As you all know by now, I look for story elements in everything. And there were some great ones to be found in the best commercials of yesterday’s Super Bowl.

Why is it that the need to communicate an idea quickly forces storytellers — and that’s who creative ad execs are — to narrow their focus to the most primal conflicts and use the most basic emotions to get our attention? Because those primal ads work — instantly and perpetually. All storytellers should take note.

My favorite was a Doritos ad. This is the one which I believe was submitted by a non-professional as part of a contest the company sponsored. It involves a boy driving down the street, spotting a pretty girl, and crashing his car — only to have the girl come to his rescue and reveal she is just as accident-prone. It was a story told in four flashes, each labeled as a different quality of the corn chip — “spicy,” “bold,” “crunchy” — and yet in 30 seconds it told a whole story. Alpha-omega. With an opening image and final image that showed a “transformation” and a topic we all relate to: sex.

Fantastic.

My other favorite — for Chevy — was yet another Save the Cat! example, but this was more about Save the Auto Assembly Plant Robot. Here a yellow, and amazingly anthropomorphic, assembly-line automaton dreams it gets fired and sent out into the street to find work. The variations on this sad little guy trying to make his way as a fast-food speaker box and a condo open-house huckster were hilarious and very nearly poignant. Thank God it was all a dream, but when he woke up, he was back in the plant ready to go to work and give his all to make Chevy the best.

In other fun and notable commercials, we had a lost dog on the street who gets turned into a dalmatian on a Budweiser truck, and two guys arguing over a beer by playing “Rock, Paper, Scissors” — only to have one get beaned with an actual rock. And there was a trio of pet store animals who couldn’t quite get the difference between a computer mouse and a real one.

In all of these, we are immediately thrust into a primal conflict over the most basic things: survival, sex, hunger — all things a “caveman” would understand! And so do we.

Each ad is an amazing display of creativity.

But how does it help us screenwriters?

I think there is value in studying all storytelling. And there is great power in giving ourselves limits within which to work — like the confinement of a 30-second spot — or a 15-point structure outline called the BS2.

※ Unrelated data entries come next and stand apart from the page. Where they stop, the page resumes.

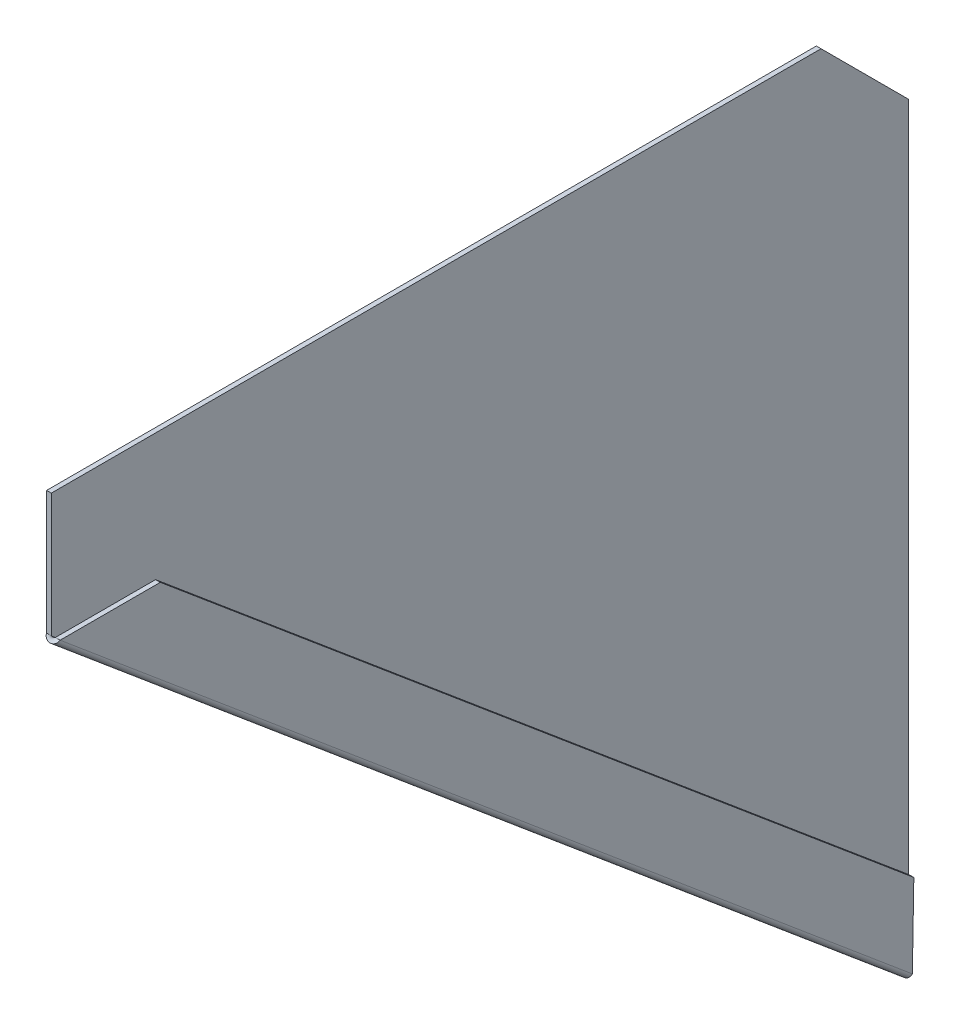
ISO-10303-21;
HEADER;
FILE_DESCRIPTION(('STEP AP214'),'2;1');
FILE_NAME('part.step','',(''),(''),'','','');
FILE_SCHEMA(('AUTOMOTIVE_DESIGN { 1 0 10303 214 1 1 1 1 }'));
ENDSEC;
DATA;
#1=APPLICATION_CONTEXT('core data for automotive mechanical design processes');
#2=APPLICATION_PROTOCOL_DEFINITION('international standard','automotive_design',2000,#1);
#3=PRODUCT_CONTEXT('',#1,'mechanical');
#4=PRODUCT('Part','Part','',(#3));
#5=PRODUCT_RELATED_PRODUCT_CATEGORY('part','',(#4));
#6=PRODUCT_DEFINITION_FORMATION('','',#4);
#7=PRODUCT_DEFINITION_CONTEXT('part definition',#1,'design');
#8=PRODUCT_DEFINITION('design','',#6,#7);
#9=PRODUCT_DEFINITION_SHAPE('','',#8);
#10=(LENGTH_UNIT() NAMED_UNIT(*) SI_UNIT(.MILLI.,.METRE.));
#11=(NAMED_UNIT(*) PLANE_ANGLE_UNIT() SI_UNIT($,.RADIAN.));
#12=(NAMED_UNIT(*) SI_UNIT($,.STERADIAN.) SOLID_ANGLE_UNIT());
#13=UNCERTAINTY_MEASURE_WITH_UNIT(LENGTH_MEASURE(1.E-05),#10,'distance_accuracy_value','');
#14=(GEOMETRIC_REPRESENTATION_CONTEXT(3) GLOBAL_UNCERTAINTY_ASSIGNED_CONTEXT((#13)) GLOBAL_UNIT_ASSIGNED_CONTEXT((#10,
#11,#12)) REPRESENTATION_CONTEXT('',''));
#15=CARTESIAN_POINT('',(0.,0.,0.));
#16=DIRECTION('',(0.,0.,1.));
#17=DIRECTION('',(1.,0.,0.));
#18=AXIS2_PLACEMENT_3D('',#15,#16,#17);
#19=CARTESIAN_POINT('',(0.0500000000000001,-98.1807021685568,-0.42423982239314));
#20=DIRECTION('',(0.,-0.642787609686543,-0.766044443118975));
#21=DIRECTION('',(1.,0.,0.));
#22=AXIS2_PLACEMENT_3D('',#19,#20,#21);
#23=CYLINDRICAL_SURFACE('',#22,0.66);
#24=DIRECTION('',(0.,-0.642787609686543,-0.766044443118975));
#25=VECTOR('',#24,1.);
#26=CARTESIAN_POINT('',(-0.61,-98.1807021685569,-0.424239822393022));
#27=LINE('',#26,#25);
#28=CARTESIAN_POINT('',(-0.61,-97.6594680818817,0.19694277298478));
#29=VERTEX_POINT('',#28);
#30=CARTESIAN_POINT('',(-0.61,-4.68466362937705,111.));
#31=VERTEX_POINT('',#30);
#32=EDGE_CURVE('E174',#29,#31,#27,.F.);
#33=ORIENTED_EDGE('',*,*,#32,.F.);
#34=CARTESIAN_POINT('',(0.05,-97.6594680818816,0.196942772984869));
#35=DIRECTION('',(0.,0.642787609686577,0.766044443118946));
#36=DIRECTION('',(0.,0.766044443118947,-0.642787609686577));
#37=AXIS2_PLACEMENT_3D('',#34,#35,#36);
#38=CIRCLE('',#37,0.66);
#39=CARTESIAN_POINT('',(0.71,-97.6594680818814,0.196942772984787));
#40=VERTEX_POINT('',#39);
#41=EDGE_CURVE('E142',#29,#40,#38,.T.);
#42=ORIENTED_EDGE('',*,*,#41,.T.);
#43=DIRECTION('',(0.,0.642787609686543,0.766044443118975));
#44=VECTOR('',#43,1.);
#45=CARTESIAN_POINT('',(0.71,-51.6106726382172,55.0757601776069));
#46=LINE('',#45,#44);
#47=CARTESIAN_POINT('',(0.71,-5.04064310787757,110.575760177607));
#48=VERTEX_POINT('',#47);
#49=EDGE_CURVE('E260',#40,#48,#46,.T.);
#50=ORIENTED_EDGE('',*,*,#49,.T.);
#51=CARTESIAN_POINT('',(-0.61,-4.68466362937643,111.));
#52=CARTESIAN_POINT('',(-0.6100002290786,-4.69479038362159,111.004732032463));
#53=CARTESIAN_POINT('',(-0.609734955302619,-4.70491712293474,111.009464052396));
#54=CARTESIAN_POINT('',(-0.608675046888262,-4.72515067993828,111.018911376037));
#55=CARTESIAN_POINT('',(-0.607880412249888,-4.73525749762867,111.023626679744));
#56=CARTESIAN_POINT('',(-0.605763426957518,-4.75543131962795,111.033023879765));
#57=CARTESIAN_POINT('',(-0.604441076303522,-4.76549832393683,111.037705776079));
#58=CARTESIAN_POINT('',(-0.601271916850145,-4.78557273618793,111.047019561417));
#59=CARTESIAN_POINT('',(-0.599425108050763,-4.79558014413014,111.051651450441));
#60=CARTESIAN_POINT('',(-0.595211462081707,-4.81551572078987,111.060848738885));
#61=CARTESIAN_POINT('',(-0.592844624912034,-4.82544388950738,111.065414138305));
#62=CARTESIAN_POINT('',(-0.587596629305016,-4.84520153667719,111.07446212618));
#63=CARTESIAN_POINT('',(-0.584715470867671,-4.85503101512948,111.078944714635));
#64=CARTESIAN_POINT('',(-0.578445772299144,-4.87457206823442,111.08781095851));
#65=CARTESIAN_POINT('',(-0.575057232167962,-4.88428364288708,111.09219461393));
#66=CARTESIAN_POINT('',(-0.56778093387397,-4.90356995896519,111.100847108059));
#67=CARTESIAN_POINT('',(-0.56389317571116,-4.91314470039065,111.105115946769));
#68=CARTESIAN_POINT('',(-0.555627807204121,-4.93213875021231,111.113523200391));
#69=CARTESIAN_POINT('',(-0.551250196859892,-4.94155805860852,111.117661615303));
#70=CARTESIAN_POINT('',(-0.542015670063483,-4.96022301702613,111.125792728449));
#71=CARTESIAN_POINT('',(-0.537158753611303,-4.96946866704753,111.129785426683));
#72=CARTESIAN_POINT('',(-0.526977315328988,-4.98776850172695,111.137610164635));
#73=CARTESIAN_POINT('',(-0.521652793498854,-4.99682268638497,111.141442204353));
#74=CARTESIAN_POINT('',(-0.510548971702005,-5.01472224460621,111.148931070476));
#75=CARTESIAN_POINT('',(-0.504769671735292,-5.02356761816944,111.152587896881));
#76=CARTESIAN_POINT('',(-0.492770216504601,-5.04103271151383,111.159712203687));
#77=CARTESIAN_POINT('',(-0.486550061240624,-5.04965243129499,111.163179684087));
#78=CARTESIAN_POINT('',(-0.473683880314394,-5.06664991800772,111.16991162234));
#79=CARTESIAN_POINT('',(-0.46703785465214,-5.07502768493929,111.173176080194));
#80=CARTESIAN_POINT('',(-0.453335943787267,-5.09152554977088,111.179488785911));
#81=CARTESIAN_POINT('',(-0.446280058584647,-5.09964564767091,111.182537033775));
#82=CARTESIAN_POINT('',(-0.431775426884523,-5.11561307900479,111.18840465294));
#83=CARTESIAN_POINT('',(-0.424326680387018,-5.12346041243864,111.191224024241));
#84=CARTESIAN_POINT('',(-0.409054270779871,-5.13886787651896,111.19662177509));
#85=CARTESIAN_POINT('',(-0.401230607670227,-5.14642800716543,111.199200154638));
#86=CARTESIAN_POINT('',(-0.385227212728506,-5.16124731924654,111.204104387361));
#87=CARTESIAN_POINT('',(-0.377047480896428,-5.16850650068117,111.206430240536));
#88=CARTESIAN_POINT('',(-0.360351654200277,-5.18271089292706,111.210818494253));
#89=CARTESIAN_POINT('',(-0.351835559336204,-5.18965610373832,111.212880894794));
#90=CARTESIAN_POINT('',(-0.334487522594516,-5.20322028970873,111.21673195166));
#91=CARTESIAN_POINT('',(-0.3256555807169,-5.20983926486789,111.218520607986));
#92=CARTESIAN_POINT('',(-0.307697126869697,-5.2227395004356,111.221814544315));
#93=CARTESIAN_POINT('',(-0.29857061490011,-5.22902076084415,111.223319824318));
#94=CARTESIAN_POINT('',(-0.280045007435681,-5.24123490139656,111.226038058572));
#95=CARTESIAN_POINT('',(-0.270645911940838,-5.24716778154042,111.227251012824));
#96=CARTESIAN_POINT('',(-0.251597780670221,-5.25867533532795,111.229376350384));
#97=CARTESIAN_POINT('',(-0.241948744894446,-5.26425000897163,111.230288733694));
#98=CARTESIAN_POINT('',(-0.222423978434286,-5.27503218647409,111.231805408281));
#99=CARTESIAN_POINT('',(-0.212548247749902,-5.28023969033287,111.232409699559));
#100=CARTESIAN_POINT('',(-0.192593882972773,-5.29027944952509,111.233303411216));
#101=CARTESIAN_POINT('',(-0.182515248880028,-5.29511170485852,111.233592831595));
#102=CARTESIAN_POINT('',(-0.162179357598472,-5.30439379226605,111.233850781137));
#103=CARTESIAN_POINT('',(-0.151922100409662,-5.30884362434013,111.2338193103));
#104=CARTESIAN_POINT('',(-0.131253673566991,-5.31735461178621,111.233430230149));
#105=CARTESIAN_POINT('',(-0.120842503913131,-5.32141576715821,111.233072620835));
#106=CARTESIAN_POINT('',(-0.0998913335599486,-5.32914408411346,111.232026802163));
#107=CARTESIAN_POINT('',(-0.0893513328606269,-5.3328112456967,111.231338592806));
#108=CARTESIAN_POINT('',(-0.0681678922014206,-5.33974720715347,111.229627908928));
#109=CARTESIAN_POINT('',(-0.057524452241536,-5.343016007027,111.228605434407));
#110=CARTESIAN_POINT('',(-0.0361597740403055,-5.34915183683146,111.226223360355));
#111=CARTESIAN_POINT('',(-0.0254385357989597,-5.3520188667624,111.224863760823));
#112=CARTESIAN_POINT('',(-0.00394408943681063,-5.35734871634793,111.221805389067));
#113=CARTESIAN_POINT('',(0.00682911868399253,-5.35981153600252,111.220106616841));
#114=CARTESIAN_POINT('',(0.0284015512030749,-5.3643314984795,111.21636866911));
#115=CARTESIAN_POINT('',(0.0392007756013541,-5.36638864130189,111.214329493605));
#116=CARTESIAN_POINT('',(0.0607992243979131,-5.37009676086962,111.209910328788));
#117=CARTESIAN_POINT('',(0.0715984487961929,-5.37174773761496,111.207530339477));
#118=CARTESIAN_POINT('',(0.0931708813152771,-5.37464401427344,111.202429957575));
#119=CARTESIAN_POINT('',(0.103944089436082,-5.37588931418658,111.199709564984));
#120=CARTESIAN_POINT('',(0.125438535798231,-5.37797570373648,111.193929607107));
#121=CARTESIAN_POINT('',(0.136159774039577,-5.37881679337324,111.190870041822));
#122=CARTESIAN_POINT('',(0.157524452240813,-5.38009720270424,111.184413786241));
#123=CARTESIAN_POINT('',(0.168167892200703,-5.38053652239846,111.181017095946));
#124=CARTESIAN_POINT('',(0.189351332859912,-5.38101680007715,111.17388945019));
#125=CARTESIAN_POINT('',(0.199891333559232,-5.3810577580616,111.170158494731));
#126=CARTESIAN_POINT('',(0.22084250391242,-5.38074568024181,111.162365983769));
#127=CARTESIAN_POINT('',(0.231253673566288,-5.38039264443755,111.158304428267));
#128=CARTESIAN_POINT('',(0.251922100408966,-5.37929789612692,111.149855178785));
#129=CARTESIAN_POINT('',(0.262179357597776,-5.37855618362054,111.145467484805));
#130=CARTESIAN_POINT('',(0.28251524887934,-5.37669033534847,111.13637120563));
#131=CARTESIAN_POINT('',(0.292593882972095,-5.37556619958278,111.131662620435));
#132=CARTESIAN_POINT('',(0.312548247749233,-5.37294267952603,111.121930579145));
#133=CARTESIAN_POINT('',(0.322423978433616,-5.37144329523496,111.11690712305));
#134=CARTESIAN_POINT('',(0.341948744893785,-5.36807735686794,111.106552118829));
#135=CARTESIAN_POINT('',(0.35159778066957,-5.36621080279198,111.101220570703));
#136=CARTESIAN_POINT('',(0.370645911940203,-5.36211948813989,111.09025690351));
#137=CARTESIAN_POINT('',(0.380045007435049,-5.35989472756377,111.084624784442));
#138=CARTESIAN_POINT('',(0.398570614899487,-5.35509682614682,111.073068220554));
#139=CARTESIAN_POINT('',(0.407697126869078,-5.35252368530599,111.067143775734));
#140=CARTESIAN_POINT('',(0.425655580716296,-5.34703968887372,111.055011509772));
#141=CARTESIAN_POINT('',(0.434487522593923,-5.34412883328228,111.04880368863));
#142=CARTESIAN_POINT('',(0.451835559335625,-5.3379808864473,111.03611430213));
#143=CARTESIAN_POINT('',(0.460351654199701,-5.33474379520376,111.029632736773));
#144=CARTESIAN_POINT('',(0.477047480895865,-5.32795564209333,111.016406153423));
#145=CARTESIAN_POINT('',(0.485227212727953,-5.32440458022642,111.009661135431));
#146=CARTESIAN_POINT('',(0.501230607669694,-5.31700150728077,110.995918573075));
#147=CARTESIAN_POINT('',(0.509054270779347,-5.31314949620201,110.98892102871));
#148=CARTESIAN_POINT('',(0.524326680386511,-5.30515827125714,110.974684948228));
#149=CARTESIAN_POINT('',(0.531775426884022,-5.30101905739102,110.96744641211));
#150=CARTESIAN_POINT('',(0.546280058584163,-5.29246786519259,110.952740463312));
#151=CARTESIAN_POINT('',(0.553335943786792,-5.28805588686027,110.945273050632));
#152=CARTESIAN_POINT('',(0.567037854651685,-5.27897426116411,110.930122015281));
#153=CARTESIAN_POINT('',(0.573683880313948,-5.27430461380028,110.922438392612));
#154=CARTESIAN_POINT('',(0.586550061240198,-5.26472336622301,110.906868124725));
#155=CARTESIAN_POINT('',(0.592770216504185,-5.25981176600958,110.898981479508));
#156=CARTESIAN_POINT('',(0.604769671734895,-5.24976291180064,110.88301884307));
#157=CARTESIAN_POINT('',(0.610548971701618,-5.24462565780512,110.874942851848));
#158=CARTESIAN_POINT('',(0.621652793498487,-5.2341423387193,110.858615656091));
#159=CARTESIAN_POINT('',(0.626977315328634,-5.22879627362899,110.850364451556));
#160=CARTESIAN_POINT('',(0.637158753610969,-5.21791267808502,110.833701383971));
#161=CARTESIAN_POINT('',(0.642015670063157,-5.21237514763134,110.825289520921));
#162=CARTESIAN_POINT('',(0.651250196859588,-5.20112642834919,110.808320078142));
#163=CARTESIAN_POINT('',(0.65562780720383,-5.19541523952071,110.799762498413));
#164=CARTESIAN_POINT('',(0.663893175710892,-5.18383742883448,110.782516915158));
#165=CARTESIAN_POINT('',(0.667780933873713,-5.17797080697673,110.773828911632));
#166=CARTESIAN_POINT('',(0.675057232167726,-5.16610073003404,110.756338087869));
#167=CARTESIAN_POINT('',(0.678445772298918,-5.1600972749491,110.747535267632));
#168=CARTESIAN_POINT('',(0.684715470867469,-5.14797246097958,110.729830694124));
#169=CARTESIAN_POINT('',(0.687596629304827,-5.141851102095,110.720928940853));
#170=CARTESIAN_POINT('',(0.692844624911869,-5.12950969406065,110.703042623345));
#171=CARTESIAN_POINT('',(0.695211462081552,-5.12328964491087,110.694058059108));
#172=CARTESIAN_POINT('',(0.69942510805063,-5.11077030738658,110.676022441031));
#173=CARTESIAN_POINT('',(0.701271916850025,-5.10447101901207,110.66697138719));
#174=CARTESIAN_POINT('',(0.704441076303427,-5.09181284589641,110.648819272219));
#175=CARTESIAN_POINT('',(0.705763426957434,-5.08545396115526,110.639718211089));
#176=CARTESIAN_POINT('',(0.707880412249828,-5.07269637829141,110.621482681435));
#177=CARTESIAN_POINT('',(0.708675046888214,-5.06629768016873,110.612348212911));
#178=CARTESIAN_POINT('',(0.709734955302595,-5.0534803623006,110.594062559637));
#179=CARTESIAN_POINT('',(0.710000229078589,-5.04706174255517,110.584911374887));
#180=CARTESIAN_POINT('',(0.71,-5.04064310787776,110.575760177607));
#181=B_SPLINE_CURVE_WITH_KNOTS('',3,(#51,#52,#53,#54,#55,#56,#57,#58,#59,#60,#61,#62,#63,#64,
#65,#66,#67,#68,#69,#70,#71,#72,#73,#74,#75,#76,#77,#78,#79,#80,#81,#82,#83,#84,#85,#86,#87,#88,
#89,#90,#91,#92,#93,#94,#95,#96,#97,#98,#99,#100,#101,#102,#103,#104,#105,#106,#107,#108,#109,
#110,#111,#112,#113,#114,#115,#116,#117,#118,#119,#120,#121,#122,#123,#124,#125,#126,#127,#128,
#129,#130,#131,#132,#133,#134,#135,#136,#137,#138,#139,#140,#141,#142,#143,#144,#145,#146,#147,
#148,#149,#150,#151,#152,#153,#154,#155,#156,#157,#158,#159,#160,#161,#162,#163,#164,#165,#166,
#167,#168,#169,#170,#171,#172,#173,#174,#175,#176,#177,#178,#179,#180),.UNSPECIFIED.,.F.,.F.,(4,
2,2,2,2,2,2,2,2,2,2,2,2,2,2,2,2,2,2,2,2,2,2,2,2,2,2,2,2,2,2,2,2,2,2,2,2,2,2,2,2,2,2,2,2,2,2,2,2,
2,2,2,2,2,2,2,2,2,2,2,2,2,2,2,4),(0.,0.0335302353550578,0.0670604707101002,0.100590706065136,
0.134120941420187,0.167651176775227,0.201181412130282,0.23471164748533,0.268241882840361,
0.30177211819542,0.335302353550455,0.3688325889055,0.402362824260545,0.435893059615595,
0.46942329497064,0.50295353032569,0.536483765680734,0.570014001035782,0.603544236390835,
0.637074471745877,0.670604707100919,0.704134942455965,0.737665177811005,0.77119541316606,
0.804725648521099,0.838255883876155,0.871786119231193,0.905316354586247,0.938846589941286,
0.972376825296341,1.00590706065138,1.03943729600642,1.07296753136147,1.10649776671652,
1.14002800207156,1.1735582374266,1.20708847278166,1.2406187081367,1.27414894349175,
1.30767917884679,1.34120941420184,1.37473964955689,1.40826988491193,1.44180012026697,
1.47533035562203,1.50886059097707,1.54239082633212,1.57592106168717,1.6094512970422,
1.64298153239725,1.6765117677523,1.71004200310734,1.74357223846239,1.77710247381744,
1.81063270917249,1.84416294452754,1.87769317988258,1.91122341523762,1.94475365059268,
1.97828388594771,2.01181412130277,2.04534435665781,2.07887459201285,2.11240482736789,
2.14593506272294),.UNSPECIFIED.);
#182=EDGE_CURVE('E243',#31,#48,#181,.T.);
#183=ORIENTED_EDGE('',*,*,#182,.F.);
#184=EDGE_LOOP('',(#33,#42,#50,#183));
#185=FACE_BOUND('',#184,.T.);
#186=ADVANCED_FACE('F42',(#185),#23,.T.);
#187=CARTESIAN_POINT('',(0.0500000000000001,-98.1807021685568,-0.42423982239314));
#188=DIRECTION('',(0.,-0.642787609686543,-0.766044443118975));
#189=DIRECTION('',(1.,0.,0.));
#190=AXIS2_PLACEMENT_3D('',#187,#188,#189);
#191=CYLINDRICAL_SURFACE('',#190,0.05);
#192=CARTESIAN_POINT('',(0.05,-97.6594680818816,0.196942772984862));
#193=DIRECTION('',(0.,0.642787609686543,0.766044443118975));
#194=DIRECTION('',(0.,-0.766044443118975,0.642787609686543));
#195=AXIS2_PLACEMENT_3D('',#192,#193,#194);
#196=CIRCLE('',#195,0.05);
#197=CARTESIAN_POINT('',(0.,-97.6594680818815,0.196942772984808));
#198=VERTEX_POINT('',#197);
#199=CARTESIAN_POINT('',(0.1,-97.6594680818814,0.196942772984759));
#200=VERTEX_POINT('',#199);
#201=EDGE_CURVE('E139',#198,#200,#196,.T.);
#202=ORIENTED_EDGE('',*,*,#201,.F.);
#203=DIRECTION('',(0.,-0.642787609686543,-0.766044443118975));
#204=VECTOR('',#203,1.);
#205=CARTESIAN_POINT('',(0.,-98.1807021685568,-0.424239822393132));
#206=LINE('',#205,#204);
#207=CARTESIAN_POINT('',(0.,-4.68466362937694,111.));
#208=VERTEX_POINT('',#207);
#209=EDGE_CURVE('E154',#198,#208,#206,.F.);
#210=ORIENTED_EDGE('',*,*,#209,.T.);
#211=CARTESIAN_POINT('',(0.,-4.68466362937682,111.));
#212=CARTESIAN_POINT('',(-4.36261635787755E-06,-4.6945873870513,110.993265728248));
#213=CARTESIAN_POINT('',(0.000321140730506063,-4.70450999333328,110.986530490363));
#214=CARTESIAN_POINT('',(0.00160033122915463,-4.72425948594163,110.972979696014));
#215=CARTESIAN_POINT('',(0.00255401838093844,-4.734086372268,110.96616413955));
#216=CARTESIAN_POINT('',(0.00505802836790537,-4.75355100779452,110.952374321728));
#217=CARTESIAN_POINT('',(0.00660835120308924,-4.76318875699467,110.945400060371));
#218=CARTESIAN_POINT('',(0.0102446875666167,-4.78218995517346,110.931221372442));
#219=CARTESIAN_POINT('',(0.0123307010949606,-4.7915534041521,110.92401694587));
#220=CARTESIAN_POINT('',(0.0169586207863325,-4.80993111589391,110.909315090701));
#221=CARTESIAN_POINT('',(0.0195005269493599,-4.81894537865709,110.901817662105));
#222=CARTESIAN_POINT('',(0.0249424497486277,-4.83656332177222,110.886478285362));
#223=CARTESIAN_POINT('',(0.0278424663848683,-4.84516700212417,110.878636337215));
#224=CARTESIAN_POINT('',(0.0338891903785647,-4.86191814370423,110.862569627624));
#225=CARTESIAN_POINT('',(0.0370358977360204,-4.87006560493234,110.854344866179));
#226=CARTESIAN_POINT('',(0.0434550700623086,-4.88587620890409,110.837488951828));
#227=CARTESIAN_POINT('',(0.0467275350311411,-4.89353935164775,110.828857798921));
#228=CARTESIAN_POINT('',(0.0532724649688044,-4.90837182991862,110.811181139655));
#229=CARTESIAN_POINT('',(0.0565449299376353,-4.91554116544585,110.802135633295));
#230=CARTESIAN_POINT('',(0.0629641022639247,-4.92939551801583,110.783638229114));
#231=CARTESIAN_POINT('',(0.0661108096213832,-4.93608053505858,110.774186331292));
#232=CARTESIAN_POINT('',(0.072157533615083,-4.94899435002026,110.754899722351));
#233=CARTESIAN_POINT('',(0.075057550251324,-4.95522314793917,110.745065011231));
#234=CARTESIAN_POINT('',(0.0804994730505953,-4.96727016136577,110.725051069441));
#235=CARTESIAN_POINT('',(0.083041379213626,-4.97308837687346,110.714871838771));
#236=CARTESIAN_POINT('',(0.0876692989050037,-4.98437562167338,110.694220375407));
#237=CARTESIAN_POINT('',(0.0897553124333498,-4.98984465096562,110.683748142712));
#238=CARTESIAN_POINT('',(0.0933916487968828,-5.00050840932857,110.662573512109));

It also shows that creativity can be lofty and mind-blowing but communication must hit us at the most basic level to work. If we put as much thought into each of the scenes of our scripts that goes into each commercial, we’d be way ahead. And if we always remember that our job as storytellers is to grab and keep a viewer’s attention, we will begin to see that the primal forces at the core of every story we tell is the key to its success.